**What to work on**
Starting at the line that contains "Place either R0 or LM1085", write out every line through the last one in the records below, word for word. Leave out any pictures.

Data excerpts
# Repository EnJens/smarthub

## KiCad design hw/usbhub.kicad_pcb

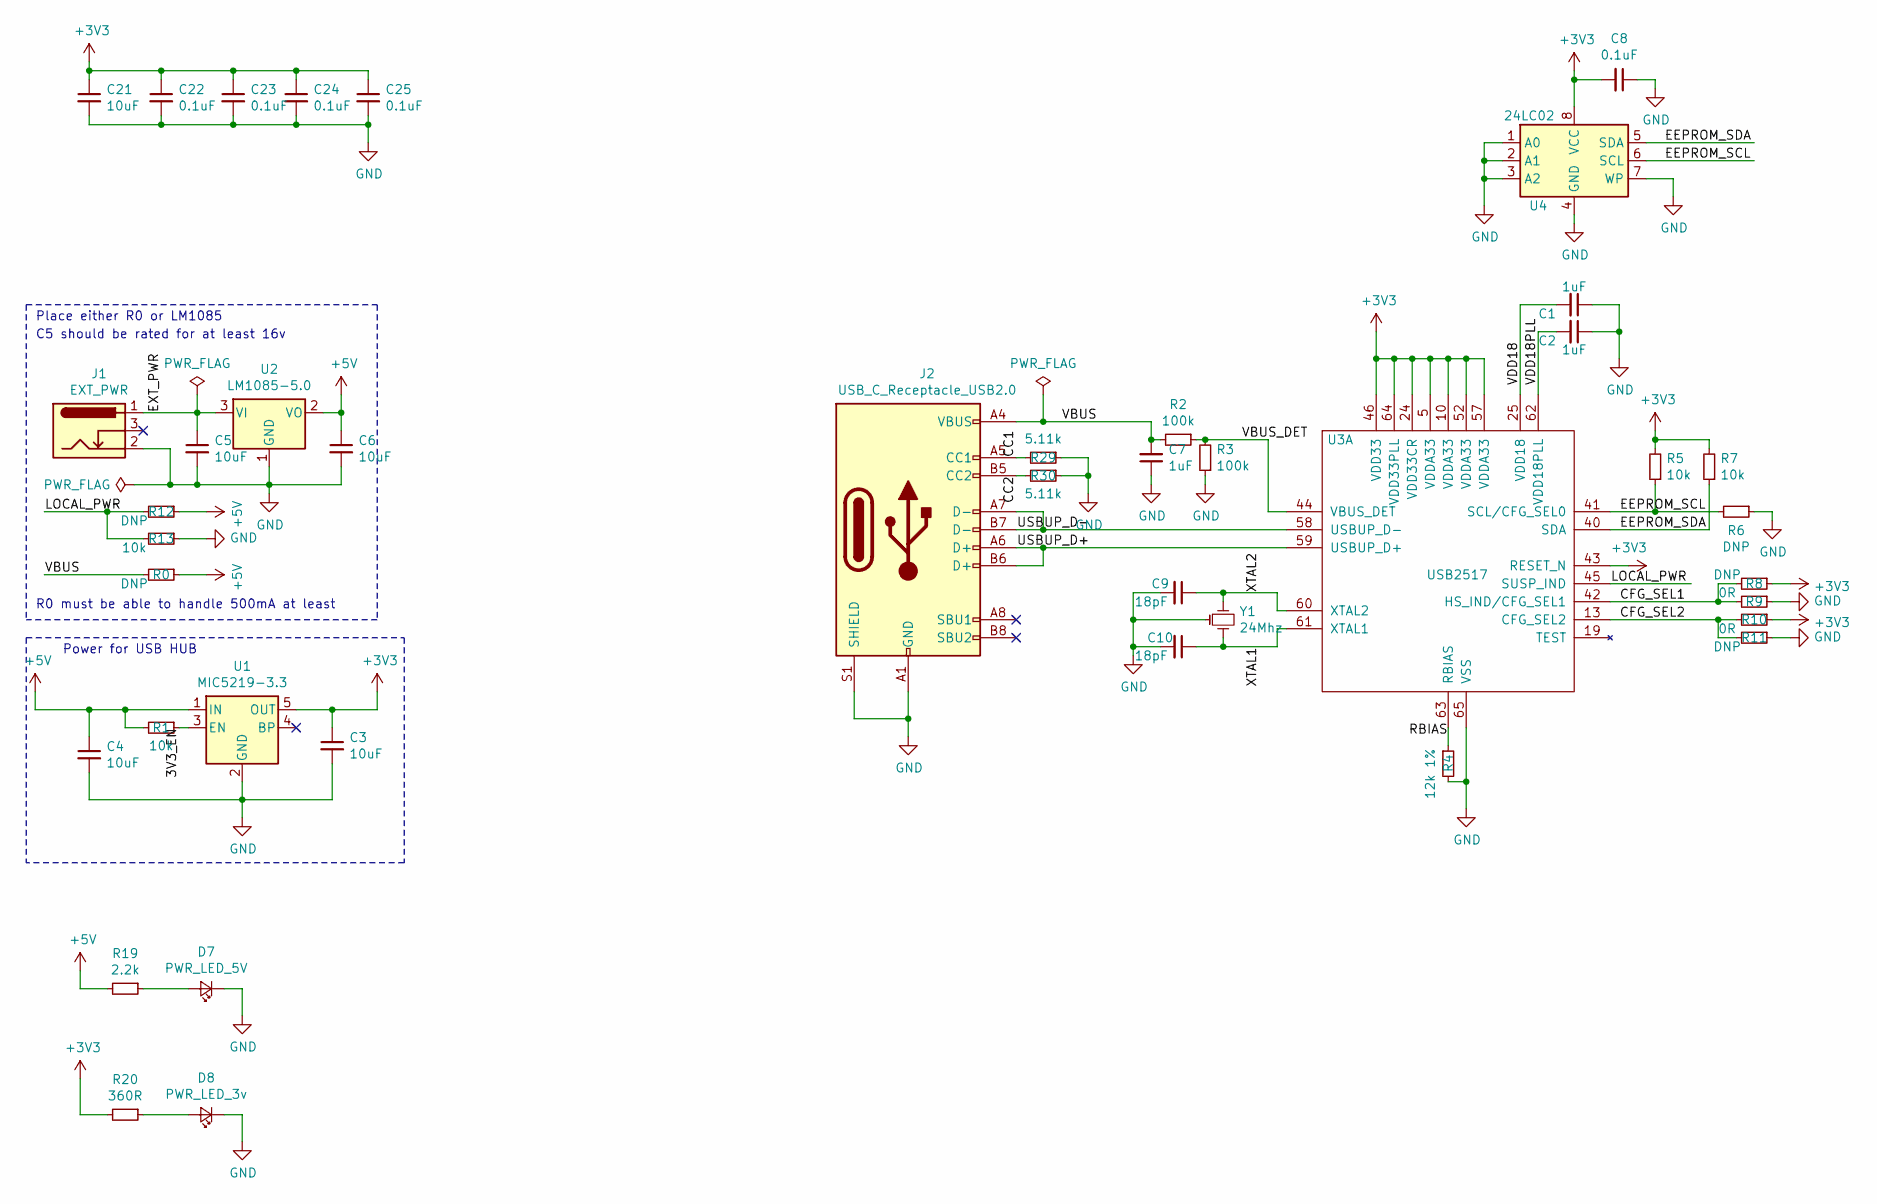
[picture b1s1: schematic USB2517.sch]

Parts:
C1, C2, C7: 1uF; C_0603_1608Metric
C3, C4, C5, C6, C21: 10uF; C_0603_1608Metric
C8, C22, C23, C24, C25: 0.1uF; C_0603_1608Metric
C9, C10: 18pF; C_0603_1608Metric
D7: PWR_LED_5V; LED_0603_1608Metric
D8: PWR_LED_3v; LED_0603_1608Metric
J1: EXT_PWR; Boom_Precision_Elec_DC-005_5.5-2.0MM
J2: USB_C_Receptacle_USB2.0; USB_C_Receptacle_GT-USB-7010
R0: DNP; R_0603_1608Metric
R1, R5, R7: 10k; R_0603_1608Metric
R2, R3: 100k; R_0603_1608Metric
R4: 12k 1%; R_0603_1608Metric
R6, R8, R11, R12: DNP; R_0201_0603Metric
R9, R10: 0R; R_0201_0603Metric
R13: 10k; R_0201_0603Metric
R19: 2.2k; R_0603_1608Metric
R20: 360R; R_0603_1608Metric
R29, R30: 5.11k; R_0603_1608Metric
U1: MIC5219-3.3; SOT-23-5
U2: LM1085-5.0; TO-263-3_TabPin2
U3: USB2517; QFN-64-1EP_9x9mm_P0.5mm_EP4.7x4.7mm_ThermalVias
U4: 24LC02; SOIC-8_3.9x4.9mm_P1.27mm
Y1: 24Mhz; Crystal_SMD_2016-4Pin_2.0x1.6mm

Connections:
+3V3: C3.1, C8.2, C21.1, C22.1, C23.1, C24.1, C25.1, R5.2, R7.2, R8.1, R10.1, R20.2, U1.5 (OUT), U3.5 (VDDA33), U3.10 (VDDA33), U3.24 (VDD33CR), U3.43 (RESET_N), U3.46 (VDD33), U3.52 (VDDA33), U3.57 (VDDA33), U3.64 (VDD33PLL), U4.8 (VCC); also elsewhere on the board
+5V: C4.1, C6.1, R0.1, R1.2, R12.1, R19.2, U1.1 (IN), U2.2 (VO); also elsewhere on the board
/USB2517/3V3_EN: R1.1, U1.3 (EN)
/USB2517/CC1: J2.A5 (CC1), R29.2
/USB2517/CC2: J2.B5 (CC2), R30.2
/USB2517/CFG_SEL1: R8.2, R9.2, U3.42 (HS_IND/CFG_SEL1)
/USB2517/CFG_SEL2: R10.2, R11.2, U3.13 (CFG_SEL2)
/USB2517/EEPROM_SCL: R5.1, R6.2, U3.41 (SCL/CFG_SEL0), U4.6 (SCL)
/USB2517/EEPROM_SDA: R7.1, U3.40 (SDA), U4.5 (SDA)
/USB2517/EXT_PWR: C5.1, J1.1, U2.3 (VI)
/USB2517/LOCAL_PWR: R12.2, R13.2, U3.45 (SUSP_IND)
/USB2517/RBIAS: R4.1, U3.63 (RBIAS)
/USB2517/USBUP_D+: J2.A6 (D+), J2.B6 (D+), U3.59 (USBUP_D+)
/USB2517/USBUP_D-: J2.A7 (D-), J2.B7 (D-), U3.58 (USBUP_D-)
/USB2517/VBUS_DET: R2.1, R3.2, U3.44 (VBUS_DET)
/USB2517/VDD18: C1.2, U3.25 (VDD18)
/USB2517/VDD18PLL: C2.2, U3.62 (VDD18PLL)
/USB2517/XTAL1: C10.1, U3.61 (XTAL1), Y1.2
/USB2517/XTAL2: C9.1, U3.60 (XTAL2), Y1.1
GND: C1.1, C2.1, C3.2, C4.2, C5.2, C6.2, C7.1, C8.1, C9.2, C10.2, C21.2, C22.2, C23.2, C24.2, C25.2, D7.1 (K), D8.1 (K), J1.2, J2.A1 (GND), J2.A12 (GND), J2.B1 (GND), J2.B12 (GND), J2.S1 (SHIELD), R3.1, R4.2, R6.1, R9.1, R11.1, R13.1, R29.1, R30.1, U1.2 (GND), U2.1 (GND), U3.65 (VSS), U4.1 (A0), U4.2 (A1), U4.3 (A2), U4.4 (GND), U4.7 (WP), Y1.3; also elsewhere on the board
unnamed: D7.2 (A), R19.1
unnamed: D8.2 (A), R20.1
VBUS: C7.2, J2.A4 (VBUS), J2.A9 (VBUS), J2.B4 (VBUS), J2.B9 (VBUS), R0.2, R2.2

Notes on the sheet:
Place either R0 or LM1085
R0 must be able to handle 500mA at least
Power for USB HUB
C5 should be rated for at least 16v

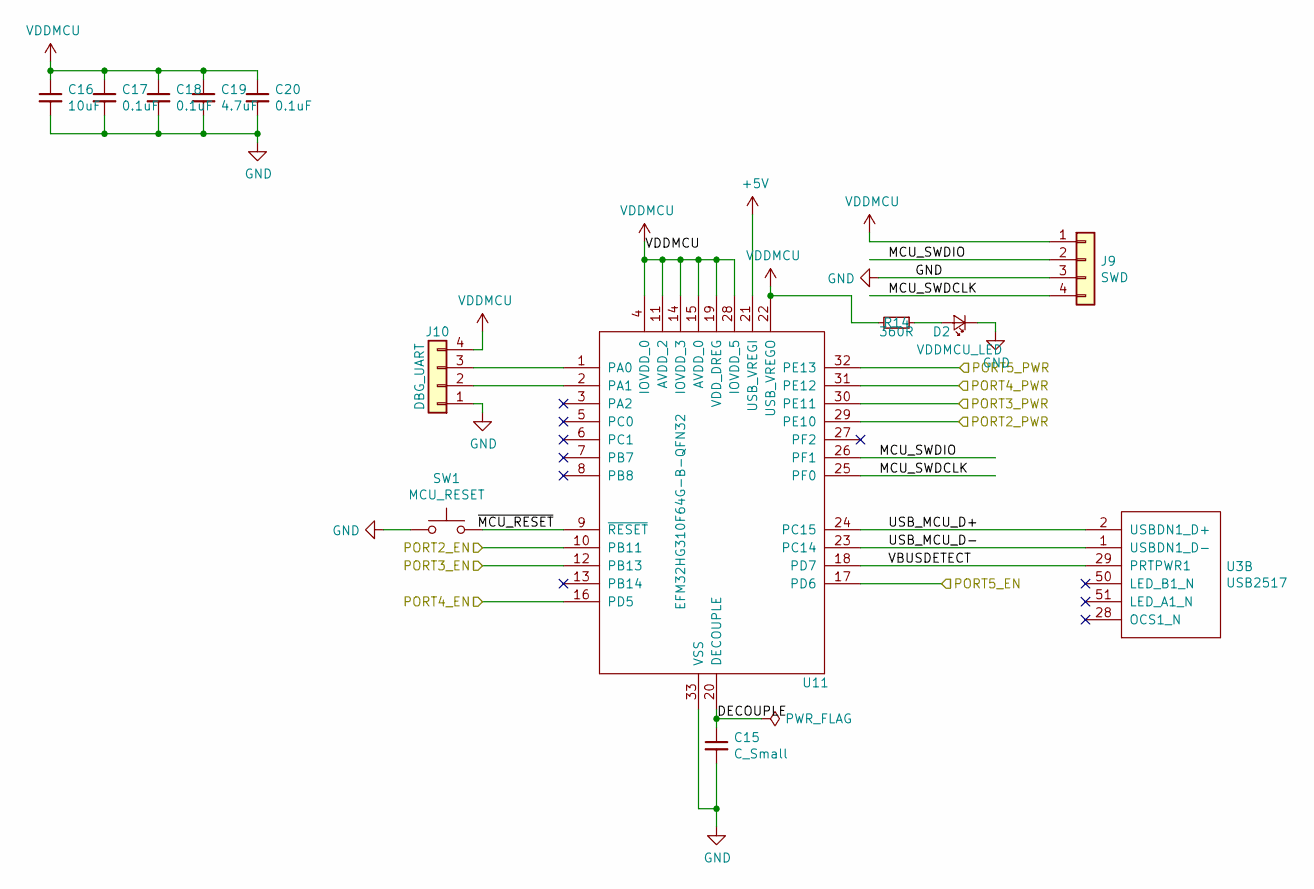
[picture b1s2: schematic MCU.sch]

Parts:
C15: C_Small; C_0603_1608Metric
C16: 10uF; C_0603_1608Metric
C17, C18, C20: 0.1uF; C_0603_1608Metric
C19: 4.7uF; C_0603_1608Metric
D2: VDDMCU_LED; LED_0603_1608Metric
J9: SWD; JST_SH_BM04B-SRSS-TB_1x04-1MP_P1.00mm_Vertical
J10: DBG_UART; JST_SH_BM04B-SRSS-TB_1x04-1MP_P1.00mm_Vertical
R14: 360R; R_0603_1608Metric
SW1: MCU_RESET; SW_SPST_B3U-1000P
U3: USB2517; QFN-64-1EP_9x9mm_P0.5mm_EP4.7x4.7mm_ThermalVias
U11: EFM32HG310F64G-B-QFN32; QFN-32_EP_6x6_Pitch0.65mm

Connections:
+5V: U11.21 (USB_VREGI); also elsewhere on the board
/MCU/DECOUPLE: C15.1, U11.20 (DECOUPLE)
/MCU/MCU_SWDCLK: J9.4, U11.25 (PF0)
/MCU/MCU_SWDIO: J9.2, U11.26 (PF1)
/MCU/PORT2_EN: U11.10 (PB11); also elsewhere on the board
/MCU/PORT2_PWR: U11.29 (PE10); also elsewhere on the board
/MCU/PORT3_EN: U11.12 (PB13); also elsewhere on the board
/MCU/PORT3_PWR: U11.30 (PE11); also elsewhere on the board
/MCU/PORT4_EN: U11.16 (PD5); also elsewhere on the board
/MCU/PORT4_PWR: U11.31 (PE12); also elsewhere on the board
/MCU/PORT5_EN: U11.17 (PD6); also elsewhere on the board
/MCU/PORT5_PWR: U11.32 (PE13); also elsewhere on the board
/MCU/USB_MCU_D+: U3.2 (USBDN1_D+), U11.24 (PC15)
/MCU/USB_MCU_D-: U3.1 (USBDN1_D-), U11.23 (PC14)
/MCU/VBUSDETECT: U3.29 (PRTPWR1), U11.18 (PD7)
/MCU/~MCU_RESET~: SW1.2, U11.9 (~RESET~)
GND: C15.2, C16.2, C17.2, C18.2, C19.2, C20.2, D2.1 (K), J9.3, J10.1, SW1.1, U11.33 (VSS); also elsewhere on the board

**Finished exercise**
Place either R0 or LM1085
R0 must be able to handle 500mA at least
Power for USB HUB
C5 should be rated for at least 16v

[picture b1s2: schematic MCU.sch]

Parts:
C15: C_Small; C_0603_1608Metric
C16: 10uF; C_0603_1608Metric
C17, C18, C20: 0.1uF; C_0603_1608Metric
C19: 4.7uF; C_0603_1608Metric
D2: VDDMCU_LED; LED_0603_1608Metric
J9: SWD; JST_SH_BM04B-SRSS-TB_1x04-1MP_P1.00mm_Vertical
J10: DBG_UART; JST_SH_BM04B-SRSS-TB_1x04-1MP_P1.00mm_Vertical
R14: 360R; R_0603_1608Metric
SW1: MCU_RESET; SW_SPST_B3U-1000P
U3: USB2517; QFN-64-1EP_9x9mm_P0.5mm_EP4.7x4.7mm_ThermalVias
U11: EFM32HG310F64G-B-QFN32; QFN-32_EP_6x6_Pitch0.65mm

Connections:
+5V: U11.21 (USB_VREGI); also elsewhere on the board
/MCU/DECOUPLE: C15.1, U11.20 (DECOUPLE)
/MCU/MCU_SWDCLK: J9.4, U11.25 (PF0)
/MCU/MCU_SWDIO: J9.2, U11.26 (PF1)
/MCU/PORT2_EN: U11.10 (PB11); also elsewhere on the board
/MCU/PORT2_PWR: U11.29 (PE10); also elsewhere on the board
/MCU/PORT3_EN: U11.12 (PB13); also elsewhere on the board
/MCU/PORT3_PWR: U11.30 (PE11); also elsewhere on the board
/MCU/PORT4_EN: U11.16 (PD5); also elsewhere on the board
/MCU/PORT4_PWR: U11.31 (PE12); also elsewhere on the board
/MCU/PORT5_EN: U11.17 (PD6); also elsewhere on the board
/MCU/PORT5_PWR: U11.32 (PE13); also elsewhere on the board
/MCU/USB_MCU_D+: U3.2 (USBDN1_D+), U11.24 (PC15)
/MCU/USB_MCU_D-: U3.1 (USBDN1_D-), U11.23 (PC14)
/MCU/VBUSDETECT: U3.29 (PRTPWR1), U11.18 (PD7)
/MCU/~MCU_RESET~: SW1.2, U11.9 (~RESET~)
GND: C15.2, C16.2, C17.2, C18.2, C19.2, C20.2, D2.1 (K), J9.3, J10.1, SW1.1, U11.33 (VSS); also elsewhere on the board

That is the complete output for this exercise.